**Extracted records:**
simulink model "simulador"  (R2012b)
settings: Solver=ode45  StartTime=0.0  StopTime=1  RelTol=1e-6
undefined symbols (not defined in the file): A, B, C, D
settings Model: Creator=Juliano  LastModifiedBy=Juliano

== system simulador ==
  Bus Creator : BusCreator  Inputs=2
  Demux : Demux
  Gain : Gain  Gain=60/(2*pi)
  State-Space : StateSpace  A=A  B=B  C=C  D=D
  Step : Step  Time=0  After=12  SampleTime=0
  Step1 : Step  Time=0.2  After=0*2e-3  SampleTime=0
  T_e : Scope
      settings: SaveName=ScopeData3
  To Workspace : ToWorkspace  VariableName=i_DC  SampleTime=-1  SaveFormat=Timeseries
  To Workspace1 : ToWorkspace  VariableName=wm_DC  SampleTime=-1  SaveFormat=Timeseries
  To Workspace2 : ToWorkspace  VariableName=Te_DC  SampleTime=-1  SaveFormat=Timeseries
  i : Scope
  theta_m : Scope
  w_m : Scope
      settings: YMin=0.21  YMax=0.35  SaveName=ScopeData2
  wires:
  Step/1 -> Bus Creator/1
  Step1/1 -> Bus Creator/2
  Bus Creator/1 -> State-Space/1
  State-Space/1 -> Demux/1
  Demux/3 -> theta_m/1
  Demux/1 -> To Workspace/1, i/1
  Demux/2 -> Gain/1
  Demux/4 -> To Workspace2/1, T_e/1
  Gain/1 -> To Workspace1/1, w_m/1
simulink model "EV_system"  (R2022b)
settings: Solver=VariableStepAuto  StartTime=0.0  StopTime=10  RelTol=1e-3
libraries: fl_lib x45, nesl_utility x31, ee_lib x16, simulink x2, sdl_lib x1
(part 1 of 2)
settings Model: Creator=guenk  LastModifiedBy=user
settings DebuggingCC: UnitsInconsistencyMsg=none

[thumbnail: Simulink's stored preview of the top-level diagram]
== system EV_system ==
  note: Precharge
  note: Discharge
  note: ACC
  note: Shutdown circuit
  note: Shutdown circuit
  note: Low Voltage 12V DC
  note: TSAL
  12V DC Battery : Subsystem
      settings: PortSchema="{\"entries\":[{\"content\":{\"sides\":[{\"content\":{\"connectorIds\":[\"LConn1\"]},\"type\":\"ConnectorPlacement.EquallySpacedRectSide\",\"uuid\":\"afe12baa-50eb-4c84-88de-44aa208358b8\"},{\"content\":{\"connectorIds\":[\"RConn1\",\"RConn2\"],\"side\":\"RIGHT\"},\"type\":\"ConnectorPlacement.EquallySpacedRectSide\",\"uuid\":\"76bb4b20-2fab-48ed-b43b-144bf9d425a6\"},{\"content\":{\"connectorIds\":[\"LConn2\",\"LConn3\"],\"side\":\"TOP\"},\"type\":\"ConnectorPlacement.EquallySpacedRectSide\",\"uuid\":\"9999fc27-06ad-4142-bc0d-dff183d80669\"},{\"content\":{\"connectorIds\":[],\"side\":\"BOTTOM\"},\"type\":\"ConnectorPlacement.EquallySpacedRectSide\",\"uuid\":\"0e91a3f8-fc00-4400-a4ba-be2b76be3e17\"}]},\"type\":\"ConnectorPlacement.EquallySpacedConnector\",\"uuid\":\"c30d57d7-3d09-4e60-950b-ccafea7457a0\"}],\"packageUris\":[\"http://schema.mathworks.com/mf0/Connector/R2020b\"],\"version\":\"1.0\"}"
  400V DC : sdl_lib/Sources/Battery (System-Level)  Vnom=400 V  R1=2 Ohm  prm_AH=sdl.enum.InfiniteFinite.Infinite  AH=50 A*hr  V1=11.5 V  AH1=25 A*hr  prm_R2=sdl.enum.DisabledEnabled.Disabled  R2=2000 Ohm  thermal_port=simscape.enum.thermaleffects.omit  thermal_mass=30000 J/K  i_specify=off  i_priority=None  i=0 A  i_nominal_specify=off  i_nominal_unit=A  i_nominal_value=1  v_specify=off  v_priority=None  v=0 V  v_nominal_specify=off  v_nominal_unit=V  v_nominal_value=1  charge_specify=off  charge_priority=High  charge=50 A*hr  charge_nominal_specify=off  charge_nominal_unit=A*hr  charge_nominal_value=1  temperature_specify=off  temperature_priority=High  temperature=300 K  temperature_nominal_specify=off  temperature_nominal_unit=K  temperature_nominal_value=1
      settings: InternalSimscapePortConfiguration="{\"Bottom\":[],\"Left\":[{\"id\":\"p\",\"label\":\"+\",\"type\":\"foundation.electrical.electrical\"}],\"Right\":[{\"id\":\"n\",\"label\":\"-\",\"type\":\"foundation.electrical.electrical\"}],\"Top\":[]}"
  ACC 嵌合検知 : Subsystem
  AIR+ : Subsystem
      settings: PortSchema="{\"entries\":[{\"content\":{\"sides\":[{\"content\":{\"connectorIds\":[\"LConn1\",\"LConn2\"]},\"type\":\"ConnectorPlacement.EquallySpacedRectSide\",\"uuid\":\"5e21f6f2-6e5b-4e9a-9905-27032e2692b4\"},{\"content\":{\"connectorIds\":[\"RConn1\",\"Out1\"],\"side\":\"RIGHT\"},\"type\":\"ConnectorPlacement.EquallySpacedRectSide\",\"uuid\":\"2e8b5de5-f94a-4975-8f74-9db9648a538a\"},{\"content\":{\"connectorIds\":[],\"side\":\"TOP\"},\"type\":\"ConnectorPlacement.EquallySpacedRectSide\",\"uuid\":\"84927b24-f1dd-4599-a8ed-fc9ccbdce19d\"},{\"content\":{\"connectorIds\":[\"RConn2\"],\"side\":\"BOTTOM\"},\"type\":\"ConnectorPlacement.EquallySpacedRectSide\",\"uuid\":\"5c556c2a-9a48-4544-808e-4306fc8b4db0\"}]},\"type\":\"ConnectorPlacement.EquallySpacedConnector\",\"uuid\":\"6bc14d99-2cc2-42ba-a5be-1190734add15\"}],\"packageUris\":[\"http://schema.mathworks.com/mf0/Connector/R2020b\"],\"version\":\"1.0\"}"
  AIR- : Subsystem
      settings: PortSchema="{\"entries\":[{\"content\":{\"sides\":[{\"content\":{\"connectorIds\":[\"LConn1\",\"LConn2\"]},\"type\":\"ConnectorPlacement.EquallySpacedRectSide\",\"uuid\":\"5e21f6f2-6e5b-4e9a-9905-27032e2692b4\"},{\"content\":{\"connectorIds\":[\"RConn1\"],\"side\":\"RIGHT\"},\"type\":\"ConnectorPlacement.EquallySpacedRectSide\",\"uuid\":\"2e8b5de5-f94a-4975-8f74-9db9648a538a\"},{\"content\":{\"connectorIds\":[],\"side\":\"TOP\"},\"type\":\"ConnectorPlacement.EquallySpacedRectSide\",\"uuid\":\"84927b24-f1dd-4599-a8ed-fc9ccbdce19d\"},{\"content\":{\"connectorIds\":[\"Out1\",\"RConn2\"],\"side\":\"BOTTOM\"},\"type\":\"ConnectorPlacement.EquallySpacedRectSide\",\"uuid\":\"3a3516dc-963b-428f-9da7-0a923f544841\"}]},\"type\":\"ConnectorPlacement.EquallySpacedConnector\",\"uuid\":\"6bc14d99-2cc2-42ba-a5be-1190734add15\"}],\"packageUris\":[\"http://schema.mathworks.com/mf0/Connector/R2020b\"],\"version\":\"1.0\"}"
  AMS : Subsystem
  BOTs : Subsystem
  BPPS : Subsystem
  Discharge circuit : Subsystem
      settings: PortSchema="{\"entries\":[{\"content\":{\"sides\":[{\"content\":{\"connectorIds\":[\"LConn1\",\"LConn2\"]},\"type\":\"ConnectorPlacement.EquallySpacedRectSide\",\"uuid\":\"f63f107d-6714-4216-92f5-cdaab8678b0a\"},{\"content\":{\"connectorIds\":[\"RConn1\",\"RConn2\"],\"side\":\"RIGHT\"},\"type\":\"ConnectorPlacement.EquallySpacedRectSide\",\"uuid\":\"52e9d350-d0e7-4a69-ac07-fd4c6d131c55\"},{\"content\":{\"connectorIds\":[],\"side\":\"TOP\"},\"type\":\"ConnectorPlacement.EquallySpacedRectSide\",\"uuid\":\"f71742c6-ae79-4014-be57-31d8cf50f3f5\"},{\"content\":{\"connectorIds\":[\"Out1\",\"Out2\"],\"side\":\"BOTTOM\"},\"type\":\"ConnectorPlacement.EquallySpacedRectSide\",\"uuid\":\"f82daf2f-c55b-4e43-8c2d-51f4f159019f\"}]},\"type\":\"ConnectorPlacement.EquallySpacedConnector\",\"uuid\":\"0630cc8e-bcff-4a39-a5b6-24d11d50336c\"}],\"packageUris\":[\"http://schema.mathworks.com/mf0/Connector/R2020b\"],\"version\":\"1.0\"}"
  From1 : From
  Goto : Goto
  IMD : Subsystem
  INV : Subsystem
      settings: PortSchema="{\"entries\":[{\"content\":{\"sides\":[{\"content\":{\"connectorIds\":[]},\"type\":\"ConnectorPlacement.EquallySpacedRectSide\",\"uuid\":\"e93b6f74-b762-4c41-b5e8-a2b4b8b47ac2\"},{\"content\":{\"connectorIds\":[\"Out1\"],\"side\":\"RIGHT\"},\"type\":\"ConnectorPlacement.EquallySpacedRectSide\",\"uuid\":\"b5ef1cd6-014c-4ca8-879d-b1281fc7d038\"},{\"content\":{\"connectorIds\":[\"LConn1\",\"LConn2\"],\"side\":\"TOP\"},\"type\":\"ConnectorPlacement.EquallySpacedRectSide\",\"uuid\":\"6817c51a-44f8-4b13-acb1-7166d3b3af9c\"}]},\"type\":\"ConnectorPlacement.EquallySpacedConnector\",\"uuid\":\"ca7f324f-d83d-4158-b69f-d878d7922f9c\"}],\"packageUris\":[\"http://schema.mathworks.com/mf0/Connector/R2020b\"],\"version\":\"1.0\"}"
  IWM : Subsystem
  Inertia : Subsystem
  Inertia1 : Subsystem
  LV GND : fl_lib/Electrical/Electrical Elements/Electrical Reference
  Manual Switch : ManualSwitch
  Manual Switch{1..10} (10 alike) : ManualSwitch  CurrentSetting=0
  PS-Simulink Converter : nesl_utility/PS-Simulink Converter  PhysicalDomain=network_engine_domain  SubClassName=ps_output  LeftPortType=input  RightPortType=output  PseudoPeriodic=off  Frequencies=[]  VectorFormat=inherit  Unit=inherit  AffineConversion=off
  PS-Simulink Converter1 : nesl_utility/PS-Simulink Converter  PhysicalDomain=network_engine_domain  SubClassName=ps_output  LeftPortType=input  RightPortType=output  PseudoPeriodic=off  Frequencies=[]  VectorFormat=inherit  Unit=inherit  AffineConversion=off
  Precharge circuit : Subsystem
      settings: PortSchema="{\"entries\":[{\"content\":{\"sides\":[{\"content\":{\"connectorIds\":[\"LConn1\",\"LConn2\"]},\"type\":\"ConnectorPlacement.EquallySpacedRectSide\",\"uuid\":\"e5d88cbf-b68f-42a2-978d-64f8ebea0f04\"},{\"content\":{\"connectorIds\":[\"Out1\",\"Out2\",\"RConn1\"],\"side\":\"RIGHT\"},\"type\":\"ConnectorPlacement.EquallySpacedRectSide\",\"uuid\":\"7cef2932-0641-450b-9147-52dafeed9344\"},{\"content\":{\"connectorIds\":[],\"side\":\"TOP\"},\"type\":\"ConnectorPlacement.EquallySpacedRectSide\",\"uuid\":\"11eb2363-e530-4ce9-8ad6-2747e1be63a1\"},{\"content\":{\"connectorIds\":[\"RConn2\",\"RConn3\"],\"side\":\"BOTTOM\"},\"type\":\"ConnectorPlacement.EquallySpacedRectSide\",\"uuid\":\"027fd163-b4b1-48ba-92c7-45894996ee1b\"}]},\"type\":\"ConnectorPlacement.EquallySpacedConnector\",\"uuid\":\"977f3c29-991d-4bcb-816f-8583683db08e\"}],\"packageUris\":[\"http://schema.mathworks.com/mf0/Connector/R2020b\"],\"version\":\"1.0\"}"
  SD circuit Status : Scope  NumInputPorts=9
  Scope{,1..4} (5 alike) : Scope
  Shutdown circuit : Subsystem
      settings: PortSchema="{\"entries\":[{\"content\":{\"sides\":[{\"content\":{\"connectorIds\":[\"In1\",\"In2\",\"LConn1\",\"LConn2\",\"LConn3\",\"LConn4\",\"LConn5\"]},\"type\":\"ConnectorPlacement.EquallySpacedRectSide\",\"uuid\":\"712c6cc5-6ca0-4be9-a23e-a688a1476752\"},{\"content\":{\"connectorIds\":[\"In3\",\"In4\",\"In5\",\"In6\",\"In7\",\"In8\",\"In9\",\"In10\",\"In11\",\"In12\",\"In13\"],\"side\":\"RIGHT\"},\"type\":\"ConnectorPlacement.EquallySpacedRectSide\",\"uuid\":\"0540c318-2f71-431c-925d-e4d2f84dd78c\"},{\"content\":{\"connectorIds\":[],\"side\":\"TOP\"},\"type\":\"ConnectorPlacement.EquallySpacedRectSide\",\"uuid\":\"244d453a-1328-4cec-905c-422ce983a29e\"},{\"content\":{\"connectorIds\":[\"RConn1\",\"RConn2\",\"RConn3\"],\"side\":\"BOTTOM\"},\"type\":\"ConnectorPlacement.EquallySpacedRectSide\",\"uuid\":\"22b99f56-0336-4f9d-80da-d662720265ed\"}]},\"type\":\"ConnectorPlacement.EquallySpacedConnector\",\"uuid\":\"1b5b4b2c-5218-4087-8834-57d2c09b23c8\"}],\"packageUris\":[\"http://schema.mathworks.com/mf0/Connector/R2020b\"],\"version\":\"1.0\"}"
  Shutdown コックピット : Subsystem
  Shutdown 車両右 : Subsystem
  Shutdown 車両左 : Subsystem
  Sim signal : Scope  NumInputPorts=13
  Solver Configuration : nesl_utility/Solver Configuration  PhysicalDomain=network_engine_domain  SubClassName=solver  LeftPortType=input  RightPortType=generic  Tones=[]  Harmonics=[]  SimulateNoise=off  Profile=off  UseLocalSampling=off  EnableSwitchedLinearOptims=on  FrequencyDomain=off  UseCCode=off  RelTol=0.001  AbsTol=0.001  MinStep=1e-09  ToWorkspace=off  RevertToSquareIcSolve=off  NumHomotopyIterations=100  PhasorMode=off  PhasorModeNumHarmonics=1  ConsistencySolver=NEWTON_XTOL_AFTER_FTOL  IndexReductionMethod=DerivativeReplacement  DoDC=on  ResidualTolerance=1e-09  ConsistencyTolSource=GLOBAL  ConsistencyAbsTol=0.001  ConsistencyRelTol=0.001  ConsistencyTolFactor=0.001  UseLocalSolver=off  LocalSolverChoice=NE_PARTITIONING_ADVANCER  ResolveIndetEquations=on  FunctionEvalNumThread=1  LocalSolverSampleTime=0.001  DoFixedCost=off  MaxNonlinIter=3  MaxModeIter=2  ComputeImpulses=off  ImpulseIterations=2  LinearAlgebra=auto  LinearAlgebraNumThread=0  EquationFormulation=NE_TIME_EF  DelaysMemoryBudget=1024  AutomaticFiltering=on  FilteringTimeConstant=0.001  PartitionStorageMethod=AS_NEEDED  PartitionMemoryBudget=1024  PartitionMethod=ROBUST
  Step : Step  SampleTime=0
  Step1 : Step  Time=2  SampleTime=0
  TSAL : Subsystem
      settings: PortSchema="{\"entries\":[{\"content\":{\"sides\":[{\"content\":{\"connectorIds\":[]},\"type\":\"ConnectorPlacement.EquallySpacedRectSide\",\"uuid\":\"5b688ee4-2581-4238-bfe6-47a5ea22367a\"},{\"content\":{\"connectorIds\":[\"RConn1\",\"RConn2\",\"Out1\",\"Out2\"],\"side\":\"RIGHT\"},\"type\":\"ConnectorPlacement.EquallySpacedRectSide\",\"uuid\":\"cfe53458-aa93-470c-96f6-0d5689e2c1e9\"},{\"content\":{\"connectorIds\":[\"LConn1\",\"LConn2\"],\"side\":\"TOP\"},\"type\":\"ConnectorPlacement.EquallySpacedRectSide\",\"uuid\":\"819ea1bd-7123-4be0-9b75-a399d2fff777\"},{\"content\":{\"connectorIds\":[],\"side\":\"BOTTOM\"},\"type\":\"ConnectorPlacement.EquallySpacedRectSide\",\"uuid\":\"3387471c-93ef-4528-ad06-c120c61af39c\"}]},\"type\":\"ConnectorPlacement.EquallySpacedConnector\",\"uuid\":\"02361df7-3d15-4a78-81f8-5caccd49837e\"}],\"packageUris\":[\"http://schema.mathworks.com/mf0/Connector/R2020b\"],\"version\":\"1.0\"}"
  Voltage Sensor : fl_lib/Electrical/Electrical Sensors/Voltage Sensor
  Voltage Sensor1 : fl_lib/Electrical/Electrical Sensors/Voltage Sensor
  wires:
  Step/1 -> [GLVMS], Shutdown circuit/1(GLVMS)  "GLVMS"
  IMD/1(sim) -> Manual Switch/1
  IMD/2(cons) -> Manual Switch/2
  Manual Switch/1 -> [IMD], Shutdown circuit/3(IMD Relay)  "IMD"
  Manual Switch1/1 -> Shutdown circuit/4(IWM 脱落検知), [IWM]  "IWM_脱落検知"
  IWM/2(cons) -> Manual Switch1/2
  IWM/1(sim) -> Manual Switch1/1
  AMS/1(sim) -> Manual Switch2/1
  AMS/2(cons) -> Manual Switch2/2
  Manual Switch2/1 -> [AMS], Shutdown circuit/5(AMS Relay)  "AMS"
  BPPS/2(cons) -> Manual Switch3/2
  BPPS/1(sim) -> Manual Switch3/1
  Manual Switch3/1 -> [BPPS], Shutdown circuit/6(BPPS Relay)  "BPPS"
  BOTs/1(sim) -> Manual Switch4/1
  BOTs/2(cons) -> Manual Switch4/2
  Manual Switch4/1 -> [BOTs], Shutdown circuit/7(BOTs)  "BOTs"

**What the task asks:** Wherever the string "RightPortType" appears in the entries, copy that line.

**Output of the exercise:**
  PS-Simulink Converter : nesl_utility/PS-Simulink Converter  PhysicalDomain=network_engine_domain  SubClassName=ps_output  LeftPortType=input  RightPortType=output  PseudoPeriodic=off  Frequencies=[]  VectorFormat=inherit  Unit=inherit  AffineConversion=off
  PS-Simulink Converter1 : nesl_utility/PS-Simulink Converter  PhysicalDomain=network_engine_domain  SubClassName=ps_output  LeftPortType=input  RightPortType=output  PseudoPeriodic=off  Frequencies=[]  VectorFormat=inherit  Unit=inherit  AffineConversion=off
  Solver Configuration : nesl_utility/Solver Configuration  PhysicalDomain=network_engine_domain  SubClassName=solver  LeftPortType=input  RightPortType=generic  Tones=[]  Harmonics=[]  SimulateNoise=off  Profile=off  UseLocalSampling=off  EnableSwitchedLinearOptims=on  FrequencyDomain=off  UseCCode=off  RelTol=0.001  AbsTol=0.001  MinStep=1e-09  ToWorkspace=off  RevertToSquareIcSolve=off  NumHomotopyIterations=100  PhasorMode=off  PhasorModeNumHarmonics=1  ConsistencySolver=NEWTON_XTOL_AFTER_FTOL  IndexReductionMethod=DerivativeReplacement  DoDC=on  ResidualTolerance=1e-09  ConsistencyTolSource=GLOBAL  ConsistencyAbsTol=0.001  ConsistencyRelTol=0.001  ConsistencyTolFactor=0.001  UseLocalSolver=off  LocalSolverChoice=NE_PARTITIONING_ADVANCER  ResolveIndetEquations=on  FunctionEvalNumThread=1  LocalSolverSampleTime=0.001  DoFixedCost=off  MaxNonlinIter=3  MaxModeIter=2  ComputeImpulses=off  ImpulseIterations=2  LinearAlgebra=auto  LinearAlgebraNumThread=0  EquationFormulation=NE_TIME_EF  DelaysMemoryBudget=1024  AutomaticFiltering=on  FilteringTimeConstant=0.001  PartitionStorageMethod=AS_NEEDED  PartitionMemoryBudget=1024  PartitionMethod=ROBUST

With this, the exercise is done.